Building Extraction from UAV Images Jointly Using 6D-SLIC and Multiscale Siamese Convolutional Networks

Automatic building extraction using a single data type, either 2D remotely-sensed images or light detection and ranging 3D point clouds, remains insufficient to accurately delineate building outlines for automatic mapping, despite active research in this area and the significant progress which has been achieved in the past decade. This paper presents an effective approach to extracting buildings from Unmanned Aerial Vehicle (UAV) images through the incorporation of superpixel segmentation and semantic recognition. A framework for building extraction is constructed by jointly using an improved Simple Linear Iterative Clustering (SLIC) algorithm and Multiscale Siamese Convolutional Networks (MSCNs). The SLIC algorithm, improved by additionally imposing a digital surface model for superpixel segmentation, namely 6D-SLIC, is suited for building boundary detection under building and image backgrounds with similar radiometric signatures. The proposed MSCNs, including a feature learning network and a binary decision network, are used to automatically learn a multiscale hierarchical feature representation and detect building objects under various complex backgrounds.

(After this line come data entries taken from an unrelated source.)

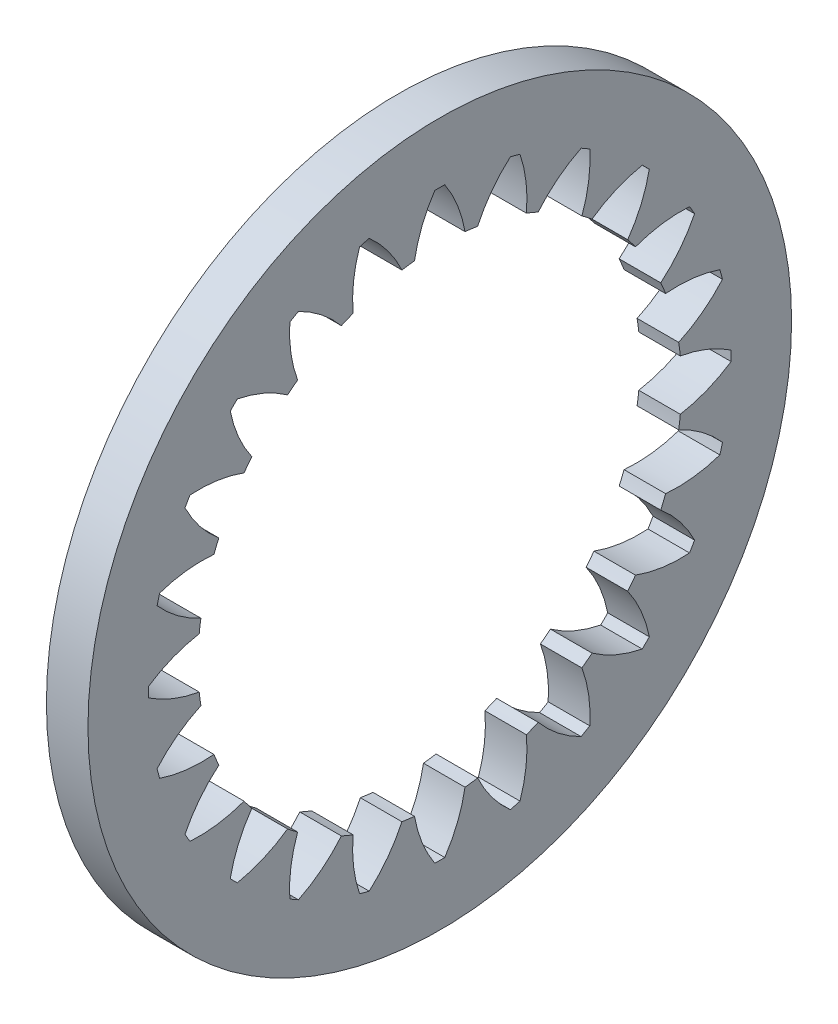
SolidWorks part; units mm, degrees
ref_plane "Plane1" through (0, 0, 0) normal (0, 0, 1) x (1, 0, 0)
ref_plane "Plane2" through (0, 0, 0) normal (0, 1, 0) x (1, 0, 0)
ref_plane "Plane3" through (0, 0, 0) normal (1, 0, 0) x (0, 0, -1)
sketch "HoldingSke" plane through (0, 0, 0) normal (0, 1, 0) x (1, 0, 0)
  line L0 (0, 0) -> (-0.0273, -0.1551)
  line L1 (-15, 0) -> (100, 0) construction
  line L2 (0, 0) -> (-2.1039, 2.3779)
  line L3 (0, 0) -> (-11.863, 4.5341)
  line L4 (0, 0) -> (7.8894, 3.5126)
  line L5 (0, 0) -> (-23.7986, -8.8762)
  line L6 (0, 0) -> (-10.5278, -7.1032)
  line L7 (-2.1039, 2.3779) -> (3.3635, 27.1825)
  line L8 (-76.2, 8.7279) -> (-54.61, 8.7279)
  line L9 (-67.7845, 28.3722) -> (-49.3413, 33.142)
  line L10 (-76.2, 71.12) -> (104.1128, 71.12)
  line L11 (0, 0) -> (-12, 0)
  line L12 (-76.2, 101.6) -> (-75.9714, 101.6)
  line L13 (24.9733, 27.94) -> (52.9518, 28.4284)
  line L14 (24.9733, 27.94) -> (24.9746, 27.94)
  line L15 (24.9733, 27.94) -> (100.4006, 29.5858)
  circle A0 centre (0, 0) radius 101.6
  circle A1 centre (0, 0) radius 12.7
  circle A2 centre (0, 0) radius 12.7
  dimension "Num_teeth" = 24
  dimension "Pitch_radius" = 180.3128
  dimension "Width" = 12
  dimension "Diameter" = 203.2
sketch "BasProSke" plane through (0, 0, 0) normal (0, 1, 0) x (1, 0, 0)
  line L0 (-10, 0) -> (60, 0) construction
  line L1 (0, 69.85) -> (0, 101.6)
  line L2 (0, 69.85) -> (12, 69.85)
  line L3 (12, 69.85) -> (12, 101.6)
  line L4 (12, 101.6) -> (0, 101.6)
  dimension "Thickness" = 12
  dimension "Diameter" = 203.2
revolve "Base-Revolve" add sketch "BasProSke" angle 360 about L0
sketch "TooCutSke" plane through (0, 0, 0) normal (1, 0, 0) x (0, 0, -1)
  line L3 (5.5552, 75.9972) -> (5.5552, 53.6633) construction
  line L4 (0, 0) -> (0, 59.563) construction
  line L5 (0, 0) -> (-8.9185, 67.7429) construction
  line L6 (-30.2541, 62.9855) -> (28.8527, 70.767) construction
  circle A0 centre (0, 0) radius 76.2 construction
  circle A1 centre (0, 0) radius 84.1388 construction
  circle A2 centre (0, 0) radius 66.3956 construction
  circle A3 centre (0, 0) radius 69.8246 construction
  arc A4 (7.2948, 69.4425) -> (1.4425, 84.1264) centre (-30.2541, 62.9855) ccw
  arc A5 (7.2948, 69.4425) -> (-7.2948, 69.4425) centre (0, 0) ccw
  arc A6 (1.4425, 84.1264) -> (-1.4425, 84.1264) centre (0, 0) ccw
  arc A7 (-1.4425, 84.1264) -> (-7.2948, 69.4425) centre (30.2541, 62.9855) ccw
extrude "ToothCut" cut sketch "TooCutSke" along normal through all
fillet "Breaks" [suppressed] radius 0.635
fillet "RootFillets" [suppressed] radius 1.5888
pattern_circular "TeethCuts" count 24 every 15 about axis through (-10, 0, 0) along (1, 0, 0) of "RootFillets", "Breaks", "ToothCut"
equation "' \"Module@HoldingSke\" = 6.35"
equation "' \"Num_teeth@HoldingSke\" = 24"
equation "' \"Ap@HoldingSke\" =  14.5"
equation "' \"Ap@HoldingSke\" = 14.5"
equation "' \"Width@HoldingSke\" = 12"
equation "' \"Diameter@HoldingSke\" = 8 * 25.4"
equation "' \"Show_teeth@HoldingSke\" = 100"
equation "' \"Backlash@HoldingSke\" = 0.009 * 25.4"
equation "' \"Addendum_fac@HoldingSke\" = 1.0"
equation "' \"Dedendum_fac@HoldingSke\" = 1.25"
equation "' \"Dedendum_add@HoldingSke\" = 0.00005 * 25.4"
equation "' \"Clearance_fac@HoldingSke\" = 0.25"
equation "\"Pitch@HoldingSke\" = 1 / \"Module@HoldingSke\" "
equation "\"Overcut_dia@TooCutSke\" = (\"Num_teeth@HoldingSke\" - 2 * \"Addendum_fac@HoldingSke\") / \"Pitch@HoldingSke\" - 0.002 * 25.4"
equation "\"Pitch_dia@TooCutSke\" = \"Num_teeth@HoldingSke\" / \"Pitch@HoldingSke\""
equation "\"Base_dia@TooCutSke\" = \"Num_teeth@HoldingSke\" / \"Pitch@HoldingSke\" * cos((\"Ap@HoldingSke\"  * 3.14159265 / 180)) * 0.90"
equation "\"Root_dia@TooCutSke\" = \"Num_teeth@HoldingSke\"  / \"Pitch@HoldingSke\" + 2 *  \"Dedendum_fac@HoldingSke\"/ \"Pitch@HoldingSke\" + \"Dedendum_add@HoldingSke\" * 2"
equation "\"Half_ang@TooCutSke\" = 180 / \"Num_teeth@HoldingSke\""
equation "\"Half_CT@TooCutSke\" = \"Num_teeth@HoldingSke\" / \"Pitch@HoldingSke\" * sin((3.14159265 / 2 / \"Num_teeth@HoldingSke\")) / 2 + 10 * \"Backlash@HoldingSke\" / 4"
equation "\"Flank_rad@TooCutSke\" = \"Num_teeth@HoldingSke\" / \"Pitch@HoldingSke\" / 4"
equation "\"Radius@RootFillets\"= \"Clearance_fac@HoldingSke\" / \"Pitch@HoldingSke\" + \"Dedendum_add@HoldingSke\""
equation "\"Break_rad@Breaks\" = 0.02 / \"Pitch@HoldingSke\" * 5"
equation "\"Num_teeth@TeethCuts\" = int( \"Show_teeth@HoldingSke\" ) + 1"
equation "\"Num_teeth@TeethCuts\" = ((sgn( \"Num_teeth@TeethCuts\" - \"Num_teeth@HoldingSke\" )-1)*( \"Num_teeth@TeethCuts\" - \"Num_teeth@HoldingSke\" ))/-2+ \"Num_teeth@HoldingSke\""
equation "\"Num_teeth@TeethCuts\" = ((sgn( \"Num_teeth@TeethCuts\" - 2.0)+1)*( \"Num_teeth@TeethCuts\" - 2.0))/2 +2.0"
equation "\"Angle@TeethCuts\" = 360.0 / \"Num_teeth@HoldingSke\""
equation "\"Diameter@BasProSke\" = \"Num_teeth@HoldingSke\"  / \"Pitch@HoldingSke\" + 2 *  \"Dedendum_fac@HoldingSke\"/ \"Pitch@HoldingSke\" + \"Dedendum_add@HoldingSke\" * 2 + 0.002 * 25.4"
equation "\"Diameter@BasProSke\" = ((sgn( \"Diameter@BasProSke\"  - \"Diameter@HoldingSke\" )+1)*( \"Diameter@BasProSke\"  - \"Diameter@HoldingSke\" ))/2 + \"Diameter@HoldingSke\""
equation "\"Inside_diameter@BasProSke\" =  (\"Num_teeth@HoldingSke\" - 2 * \"Addendum_fac@HoldingSke\") / \"Pitch@HoldingSke\" "
equation "\"Thickness@BasProSke\"  = \"Width@HoldingSke\""

In addition, a gamma-transform green leaf index is proposed to truncate vegetation superpixels for further processing to improve the robustness and efficiency of building detection, the Douglas–Peucker algorithm and iterative optimization are used to eliminate jagged details generated from small structures as a result of superpixel segmentation. In the experiments, the UAV datasets, including many buildings in urban and rural areas with irregular shapes and different heights and that are obscured by trees, are collected to evaluate the proposed method. The experimental results based on the qualitative and quantitative measures confirm the effectiveness and high accuracy of the proposed framework relative to the digitized results. The proposed framework performs better than state-of-the-art building extraction methods, given its higher values of recall, precision, and intersection over Union (IoU).